2.1. Updating of Velocity and Position of Particle in the Swarm

2.1.1. Updating of Velocity

In this algorithm, the regulation of velocity is considered as a major feature, as it is the main mechanism used to move the position of a particle to search for an optimal solution in the search space. Eberhart used the maximum values of velocity, and discussed results for different values of velocity. The velocity of particle k in the swarm in the (i + 1)^th iteration, is updated, according to the following Equation (1):

$${\mathrm{V}}_{\mathrm{k}}(\mathrm{i} + \mathrm{1}) ={\mathrm{V}}_{\mathrm{k}}(\mathrm{i} ) + {\mathrm{c}}_{1 }{\mathrm{r}}_1\left({\mathrm{p}}_{\mathrm{b}\mathrm{e}\mathrm{s}\mathrm{t},\mathrm{i}}^{\mathrm{k}} - {\mathrm{X}}_{\mathrm{k}}(\mathrm{i})\right) + {\mathrm{c}}_{2 }{\mathrm{r}}_2\left({\mathrm{g}}_{\mathrm{b}\mathrm{e}\mathrm{s}\mathrm{t},\mathrm{i}}^{} - {\mathrm{X}}_{\mathrm{k}}(\mathrm{i})\right)$$

(1)

where ${\mathrm{V}}_{\mathrm{k}}(\mathrm{i} + 1)$ is the velocity of particle k at the (i + 1)^th iteration; ${\mathrm{X}}_{\mathrm{k}}(\mathrm{i})$ is the position of particle k in the i^th iteration; ${\mathrm{p}}_{\mathrm{b}\mathrm{e}\mathrm{s}\mathrm{t},\mathrm{i}}^{\mathrm{k}}$ is individual best position of the particle k in the i^th iteration; ${\mathrm{g}}_{\mathrm{b}\mathrm{e}\mathrm{s}\mathrm{t},\mathrm{i}}^{}$ is the global best position of the any particle in the i^th iteration;${\mathrm{c}}_1 \mathrm{a}\mathrm{n}\mathrm{d} {\mathrm{c}}_2$ are the real acceleration coefficients that control how much the global and individual best positions should influence the particle’s velocity; ${\mathrm{r}}_1 \mathrm{a}\mathrm{n}\mathrm{d} {\mathrm{r}}_2$ are uniformly distributed random numbers in the range 0 and 1, used to maintain an adequate level of diversity in the population. There are three components of the velocity update Equation (1) of k^th particle in the (i + 1)^th iteration, namely:

• Momentum part;
• Cognitive part;
• Social part.

A brief description of the velocity equation has been illustrated in

Table 2. Details of the components of velocity update Equation (1).

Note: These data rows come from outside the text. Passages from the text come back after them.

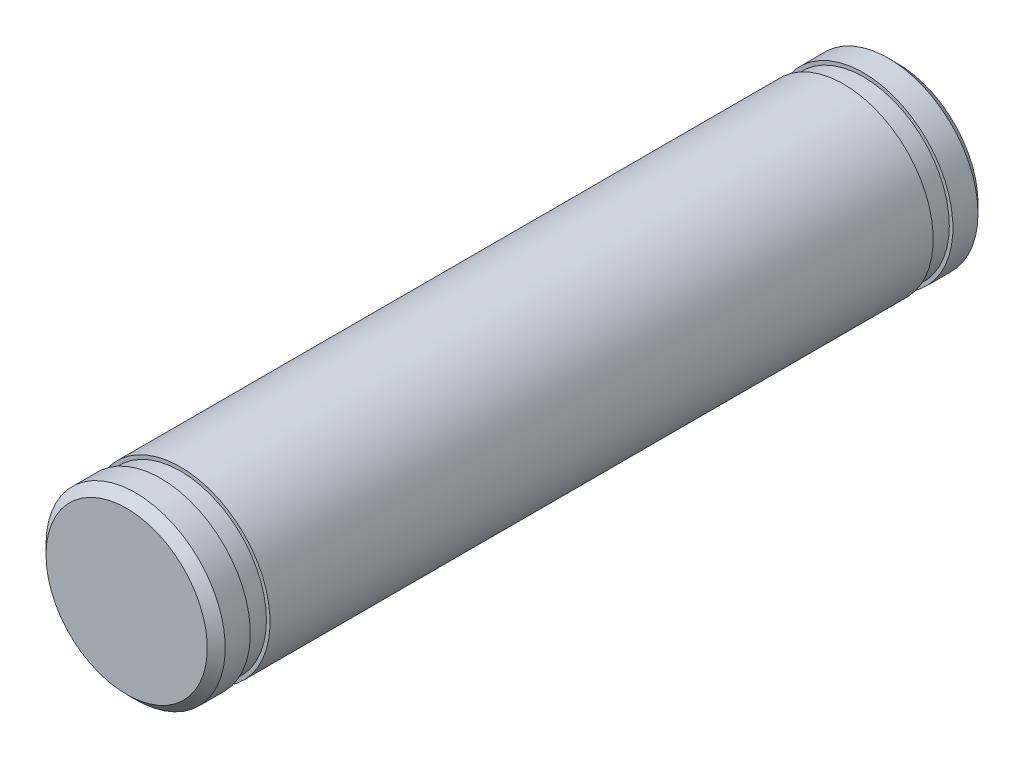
ISO-10303-21;
HEADER;
FILE_DESCRIPTION(('STEP AP214'),'2;1');
FILE_NAME('part.step','',(''),(''),'','','');
FILE_SCHEMA(('AUTOMOTIVE_DESIGN { 1 0 10303 214 1 1 1 1 }'));
ENDSEC;
DATA;
#1=APPLICATION_CONTEXT('core data for automotive mechanical design processes');
#2=APPLICATION_PROTOCOL_DEFINITION('international standard','automotive_design',2000,#1);
#3=PRODUCT_CONTEXT('',#1,'mechanical');
#4=PRODUCT('Part','Part','',(#3));
#5=PRODUCT_RELATED_PRODUCT_CATEGORY('part','',(#4));
#6=PRODUCT_DEFINITION_FORMATION('','',#4);
#7=PRODUCT_DEFINITION_CONTEXT('part definition',#1,'design');
#8=PRODUCT_DEFINITION('design','',#6,#7);
#9=PRODUCT_DEFINITION_SHAPE('','',#8);
#10=(LENGTH_UNIT() NAMED_UNIT(*) SI_UNIT(.MILLI.,.METRE.));
#11=(NAMED_UNIT(*) PLANE_ANGLE_UNIT() SI_UNIT($,.RADIAN.));
#12=(NAMED_UNIT(*) SI_UNIT($,.STERADIAN.) SOLID_ANGLE_UNIT());
#13=UNCERTAINTY_MEASURE_WITH_UNIT(LENGTH_MEASURE(1.E-05),#10,'distance_accuracy_value','');
#14=(GEOMETRIC_REPRESENTATION_CONTEXT(3) GLOBAL_UNCERTAINTY_ASSIGNED_CONTEXT((#13)) GLOBAL_UNIT_ASSIGNED_CONTEXT((#10,
#11,#12)) REPRESENTATION_CONTEXT('',''));
#15=CARTESIAN_POINT('',(0.,0.,0.));
#16=DIRECTION('',(0.,0.,1.));
#17=DIRECTION('',(1.,0.,0.));
#18=AXIS2_PLACEMENT_3D('',#15,#16,#17);
#19=CARTESIAN_POINT('',(0.,0.,21.5));
#20=DIRECTION('',(0.,0.,1.));
#21=DIRECTION('',(1.,0.,0.));
#22=AXIS2_PLACEMENT_3D('',#19,#20,#21);
#23=PLANE('',#22);
#24=CARTESIAN_POINT('',(0.,0.,21.5000000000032));
#25=DIRECTION('',(0.,0.,-1.));
#26=DIRECTION('',(-1.,0.,0.));
#27=AXIS2_PLACEMENT_3D('',#24,#25,#26);
#28=CIRCLE('',#27,4.50000000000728);
#29=CARTESIAN_POINT('',(-4.50000000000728,0.,21.5000000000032));
#30=VERTEX_POINT('',#29);
#31=EDGE_CURVE('E18',#30,#30,#28,.T.);
#32=ORIENTED_EDGE('',*,*,#31,.F.);
#33=EDGE_LOOP('',(#32));
#34=FACE_BOUND('',#33,.T.);
#35=ADVANCED_FACE('F15',(#34),#23,.T.);
#36=CARTESIAN_POINT('',(0.,0.,-21.5));
#37=DIRECTION('',(0.,0.,1.));
#38=DIRECTION('',(1.,0.,0.));
#39=AXIS2_PLACEMENT_3D('',#36,#37,#38);
#40=PLANE('',#39);
#41=CARTESIAN_POINT('',(0.,0.,-21.4999999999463));
#42=DIRECTION('',(0.,0.,1.));
#43=DIRECTION('',(1.,0.,0.));
#44=AXIS2_PLACEMENT_3D('',#41,#42,#43);
#45=CIRCLE('',#44,4.50000000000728);
#46=CARTESIAN_POINT('',(4.50000000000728,0.,-21.4999999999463));
#47=VERTEX_POINT('',#46);
#48=EDGE_CURVE('E50',#47,#47,#45,.T.);
#49=ORIENTED_EDGE('',*,*,#48,.F.);
#50=EDGE_LOOP('',(#49));
#51=FACE_BOUND('',#50,.T.);
#52=ADVANCED_FACE('F62',(#51),#40,.F.);
#53=CARTESIAN_POINT('',(0.,0.,21.000000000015));
#54=DIRECTION('',(0.,0.,-1.));
#55=DIRECTION('',(-1.,0.,0.));
#56=AXIS2_PLACEMENT_3D('',#53,#54,#55);
#57=CONICAL_SURFACE('',#56,4.99999999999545,0.785398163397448);
#58=ORIENTED_EDGE('',*,*,#31,.T.);
#59=EDGE_LOOP('',(#58));
#60=FACE_BOUND('',#59,.T.);
#61=CARTESIAN_POINT('',(0.,0.,21.));
#62=DIRECTION('',(0.,0.,-1.));
#63=DIRECTION('',(-1.,0.,0.));
#64=AXIS2_PLACEMENT_3D('',#61,#62,#63);
#65=CIRCLE('',#64,5.);
#66=CARTESIAN_POINT('',(-5.,0.,21.));
#67=VERTEX_POINT('',#66);
#68=EDGE_CURVE('E30',#67,#67,#65,.T.);
#69=ORIENTED_EDGE('',*,*,#68,.F.);
#70=EDGE_LOOP('',(#69));
#71=FACE_BOUND('',#70,.T.);
#72=ADVANCED_FACE('F58',(#60,#71),#57,.T.);
#73=CARTESIAN_POINT('',(0.,0.,-21.000000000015));
#74=DIRECTION('',(0.,0.,1.));
#75=DIRECTION('',(1.,0.,0.));
#76=AXIS2_PLACEMENT_3D('',#73,#74,#75);
#77=CONICAL_SURFACE('',#76,4.99999999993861,0.785398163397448);
#78=ORIENTED_EDGE('',*,*,#48,.T.);
#79=EDGE_LOOP('',(#78));
#80=FACE_BOUND('',#79,.T.);
#81=CARTESIAN_POINT('',(0.,0.,-21.));
#82=DIRECTION('',(0.,0.,-1.));
#83=DIRECTION('',(-1.,0.,0.));
#84=AXIS2_PLACEMENT_3D('',#81,#82,#83);
#85=CIRCLE('',#84,5.);
#86=CARTESIAN_POINT('',(-5.,0.,-21.));
#87=VERTEX_POINT('',#86);
#88=EDGE_CURVE('E49',#87,#87,#85,.F.);
#89=ORIENTED_EDGE('',*,*,#88,.F.);
#90=EDGE_LOOP('',(#89));
#91=FACE_BOUND('',#90,.T.);
#92=ADVANCED_FACE('F106',(#80,#91),#77,.T.);
#93=CARTESIAN_POINT('',(0.,0.,21.5));
#94=DIRECTION('',(0.,0.,-1.));
#95=DIRECTION('',(-1.,0.,0.));
#96=AXIS2_PLACEMENT_3D('',#93,#94,#95);
#97=CYLINDRICAL_SURFACE('',#96,5.);
#98=ORIENTED_EDGE('',*,*,#68,.T.);
#99=EDGE_LOOP('',(#98));
#100=FACE_BOUND('',#99,.T.);
#101=CARTESIAN_POINT('',(0.,0.,19.6));
#102=DIRECTION('',(0.,0.,-1.));
#103=DIRECTION('',(-1.,0.,0.));
#104=AXIS2_PLACEMENT_3D('',#101,#102,#103);
#105=CIRCLE('',#104,5.);
#106=CARTESIAN_POINT('',(-5.,0.,19.6));
#107=VERTEX_POINT('',#106);
#108=EDGE_CURVE('E47',#107,#107,#105,.T.);
#109=ORIENTED_EDGE('',*,*,#108,.F.);
#110=EDGE_LOOP('',(#109));
#111=FACE_BOUND('',#110,.T.);
#112=ADVANCED_FACE('F102',(#100,#111),#97,.T.);
#113=CARTESIAN_POINT('',(0.,0.,21.5));
#114=DIRECTION('',(0.,0.,-1.));
#115=DIRECTION('',(-1.,0.,0.));
#116=AXIS2_PLACEMENT_3D('',#113,#114,#115);
#117=CYLINDRICAL_SURFACE('',#116,5.);
#118=CARTESIAN_POINT('',(0.,0.,-19.6));
#119=DIRECTION('',(0.,0.,-1.));
#120=DIRECTION('',(-1.,0.,0.));
#121=AXIS2_PLACEMENT_3D('',#118,#119,#120);
#122=CIRCLE('',#121,5.);
#123=CARTESIAN_POINT('',(-5.,0.,-19.6));
#124=VERTEX_POINT('',#123);
#125=EDGE_CURVE('E44',#124,#124,#122,.F.);
#126=ORIENTED_EDGE('',*,*,#125,.F.);
#127=EDGE_LOOP('',(#126));
#128=FACE_BOUND('',#127,.T.);
#129=ORIENTED_EDGE('',*,*,#88,.T.);
#130=EDGE_LOOP('',(#129));
#131=FACE_BOUND('',#130,.T.);
#132=ADVANCED_FACE('F98',(#128,#131),#117,.T.);
#133=CARTESIAN_POINT('',(5.,0.,19.6));
#134=DIRECTION('',(0.,0.,-1.));
#135=DIRECTION('',(-1.,0.,0.));
#136=AXIS2_PLACEMENT_3D('',#133,#134,#135);
#137=PLANE('',#136);
#138=ORIENTED_EDGE('',*,*,#108,.T.);
#139=EDGE_LOOP('',(#138));
#140=FACE_BOUND('',#139,.T.);
#141=CARTESIAN_POINT('',(0.,0.,19.6));
#142=DIRECTION('',(0.,0.,1.));
#143=DIRECTION('',(1.,0.,0.));
#144=AXIS2_PLACEMENT_3D('',#141,#142,#143);
#145=CIRCLE('',#144,4.8);
#146=CARTESIAN_POINT('',(4.8,0.,19.6));
#147=VERTEX_POINT('',#146);
#148=EDGE_CURVE('E41',#147,#147,#145,.F.);
#149=ORIENTED_EDGE('',*,*,#148,.F.);
#150=EDGE_LOOP('',(#149));
#151=FACE_BOUND('',#150,.T.);
#152=ADVANCED_FACE('F94',(#140,#151),#137,.T.);
#153=CARTESIAN_POINT('',(5.,0.,-19.6));
#154=DIRECTION('',(0.,0.,1.));
#155=DIRECTION('',(1.,0.,0.));
#156=AXIS2_PLACEMENT_3D('',#153,#154,#155);
#157=PLANE('',#156);
#158=ORIENTED_EDGE('',*,*,#125,.T.);
#159=EDGE_LOOP('',(#158));
#160=FACE_BOUND('',#159,.T.);
#161=CARTESIAN_POINT('',(0.,0.,-19.6));
#162=DIRECTION('',(0.,0.,-1.));
#163=DIRECTION('',(-1.,0.,0.));
#164=AXIS2_PLACEMENT_3D('',#161,#162,#163);
#165=CIRCLE('',#164,4.8);
#166=CARTESIAN_POINT('',(-4.8,0.,-19.6));
#167=VERTEX_POINT('',#166);
#168=EDGE_CURVE('E38',#167,#167,#165,.F.);
#169=ORIENTED_EDGE('',*,*,#168,.F.);
#170=EDGE_LOOP('',(#169));
#171=FACE_BOUND('',#170,.T.);
#172=ADVANCED_FACE('F90',(#160,#171),#157,.T.);
#173=CARTESIAN_POINT('',(0.,0.,21.5));
#174=DIRECTION('',(0.,0.,1.));
#175=DIRECTION('',(1.,0.,0.));
#176=AXIS2_PLACEMENT_3D('',#173,#174,#175);
#177=CYLINDRICAL_SURFACE('',#176,4.8);
#178=ORIENTED_EDGE('',*,*,#148,.T.);
#179=EDGE_LOOP('',(#178));
#180=FACE_BOUND('',#179,.T.);
#181=CARTESIAN_POINT('',(0.,0.,18.5));
#182=DIRECTION('',(0.,0.,1.));
#183=DIRECTION('',(1.,0.,0.));
#184=AXIS2_PLACEMENT_3D('',#181,#182,#183);
#185=CIRCLE('',#184,4.8);
#186=CARTESIAN_POINT('',(4.8,0.,18.5));
#187=VERTEX_POINT('',#186);
#188=EDGE_CURVE('E35',#187,#187,#185,.F.);
#189=ORIENTED_EDGE('',*,*,#188,.F.);
#190=EDGE_LOOP('',(#189));
#191=FACE_BOUND('',#190,.T.);
#192=ADVANCED_FACE('F86',(#180,#191),#177,.T.);
#193=CARTESIAN_POINT('',(0.,0.,-21.5));
#194=DIRECTION('',(0.,0.,-1.));
#195=DIRECTION('',(-1.,0.,0.));
#196=AXIS2_PLACEMENT_3D('',#193,#194,#195);
#197=CYLINDRICAL_SURFACE('',#196,4.8);
#198=CARTESIAN_POINT('',(0.,0.,-18.5));
#199=DIRECTION('',(0.,0.,-1.));
#200=DIRECTION('',(-1.,0.,0.));
#201=AXIS2_PLACEMENT_3D('',#198,#199,#200);
#202=CIRCLE('',#201,4.8);
#203=CARTESIAN_POINT('',(-4.8,0.,-18.5));
#204=VERTEX_POINT('',#203);
#205=EDGE_CURVE('E27',#204,#204,#202,.F.);
#206=ORIENTED_EDGE('',*,*,#205,.F.);
#207=EDGE_LOOP('',(#206));
#208=FACE_BOUND('',#207,.T.);
#209=ORIENTED_EDGE('',*,*,#168,.T.);
#210=EDGE_LOOP('',(#209));
#211=FACE_BOUND('',#210,.T.);
#212=ADVANCED_FACE('F82',(#208,#211),#197,.T.);
#213=CARTESIAN_POINT('',(5.,0.,18.5));
#214=DIRECTION('',(0.,0.,1.));
#215=DIRECTION('',(1.,0.,0.));
#216=AXIS2_PLACEMENT_3D('',#213,#214,#215);
#217=PLANE('',#216);
#218=ORIENTED_EDGE('',*,*,#188,.T.);
#219=EDGE_LOOP('',(#218));
#220=FACE_BOUND('',#219,.T.);
#221=CARTESIAN_POINT('',(0.,0.,18.5));
#222=DIRECTION('',(0.,0.,-1.));
#223=DIRECTION('',(-1.,0.,0.));
#224=AXIS2_PLACEMENT_3D('',#221,#222,#223);
#225=CIRCLE('',#224,5.);
#226=CARTESIAN_POINT('',(-5.,0.,18.5));
#227=VERTEX_POINT('',#226);
#228=EDGE_CURVE('E22',#227,#227,#225,.T.);
#229=ORIENTED_EDGE('',*,*,#228,.F.);
#230=EDGE_LOOP('',(#229));
#231=FACE_BOUND('',#230,.T.);
#232=ADVANCED_FACE('F75',(#220,#231),#217,.T.);
#233=CARTESIAN_POINT('',(5.,0.,-18.5));
#234=DIRECTION('',(0.,0.,-1.));
#235=DIRECTION('',(-1.,0.,0.));
#236=AXIS2_PLACEMENT_3D('',#233,#234,#235);
#237=PLANE('',#236);
#238=ORIENTED_EDGE('',*,*,#205,.T.);
#239=EDGE_LOOP('',(#238));
#240=FACE_BOUND('',#239,.T.);
#241=CARTESIAN_POINT('',(0.,0.,-18.5));
#242=DIRECTION('',(0.,0.,-1.));
#243=DIRECTION('',(-1.,0.,0.));
#244=AXIS2_PLACEMENT_3D('',#241,#242,#243);
#245=CIRCLE('',#244,5.);
#246=CARTESIAN_POINT('',(-5.,0.,-18.5));
#247=VERTEX_POINT('',#246);
#248=EDGE_CURVE('E10',#247,#247,#245,.F.);
#249=ORIENTED_EDGE('',*,*,#248,.F.);
#250=EDGE_LOOP('',(#249));
#251=FACE_BOUND('',#250,.T.);
#252=ADVANCED_FACE('F70',(#240,#251),#237,.T.);
#253=CARTESIAN_POINT('',(0.,0.,21.5));
#254=DIRECTION('',(0.,0.,-1.));
#255=DIRECTION('',(-1.,0.,0.));
#256=AXIS2_PLACEMENT_3D('',#253,#254,#255);
#257=CYLINDRICAL_SURFACE('',#256,5.);
#258=ORIENTED_EDGE('',*,*,#248,.T.);
#259=EDGE_LOOP('',(#258));
#260=FACE_BOUND('',#259,.T.);
#261=ORIENTED_EDGE('',*,*,#228,.T.);
#262=EDGE_LOOP('',(#261));
#263=FACE_BOUND('',#262,.T.);
#264=ADVANCED_FACE('F68',(#260,#263),#257,.T.);
#265=CLOSED_SHELL('',(#35,#52,#72,#92,#112,#132,#152,#172,#192,#212,#232,#252,#264));
#266=MANIFOLD_SOLID_BREP('B1',#265);
#267=ADVANCED_BREP_SHAPE_REPRESENTATION('',(#18,#266),#14);
#268=SHAPE_DEFINITION_REPRESENTATION(#9,#267);
ENDSEC;
END-ISO-10303-21;

Notation	Name of Component	Contribution of the Component in Updating the Velocity
${\mathrm{V}}_{\mathrm{k}}(\mathrm{i} )$	Momentum part	It serves as a memory of the immediate past flight as it uses the previous velocity. It is also taken to be inertia component that makes a balance between the exploration and exploitation of each particle in search space.
${\mathrm{c}}_{1 }{\mathrm{r}}_1\left({\mathrm{p}}_{\mathrm{b}\mathrm{e}\mathrm{s}\mathrm{t},\mathrm{i}}^{\mathrm{k}} - {\mathrm{X}}_{\mathrm{k}}(\mathrm{i})\right)$	Cognitive part	This cognitive part drives the particles to their own best position and is equivalent to the distance of the particle from its personal best position till now.
${\mathrm{c}}_{2 }{\mathrm{r}}_2\left({\mathrm{g}}_{\mathrm{b}\mathrm{e}\mathrm{s}\mathrm{t},\mathrm{i}}^{} - {\mathrm{X}}_{\mathrm{k}}(\mathrm{i})\right)$	Social Part	This is the social component of the velocity equation that drives the particle to the best position determined by the swarm.

.

2.1.2. Updating the Position of Particle

The position of each particle k, at every iteration (i + 1)^th, varies according to the following Equation (2):

$${\mathrm{X}}_{\mathrm{k}}(\mathrm{i} + 1) = {\mathrm{X}}_{\mathrm{k}}(\mathrm{i}) + {\mathrm{V}}_{\mathrm{k}}(\mathrm{i} + 1)$$

(2)

where ${\mathrm{V}}_{\mathrm{k}}(\mathrm{i} + 1)$ is the velocity of particle k at the (i + 1)^th iteration; ${\mathrm{X}}_{\mathrm{k}}(\mathrm{i}+1)$ is the position of particle k in the (i + 1)^th iteration; ${\mathrm{X}}_{\mathrm{k}}(\mathrm{i})$ is the position of particle k in the i^th iteration.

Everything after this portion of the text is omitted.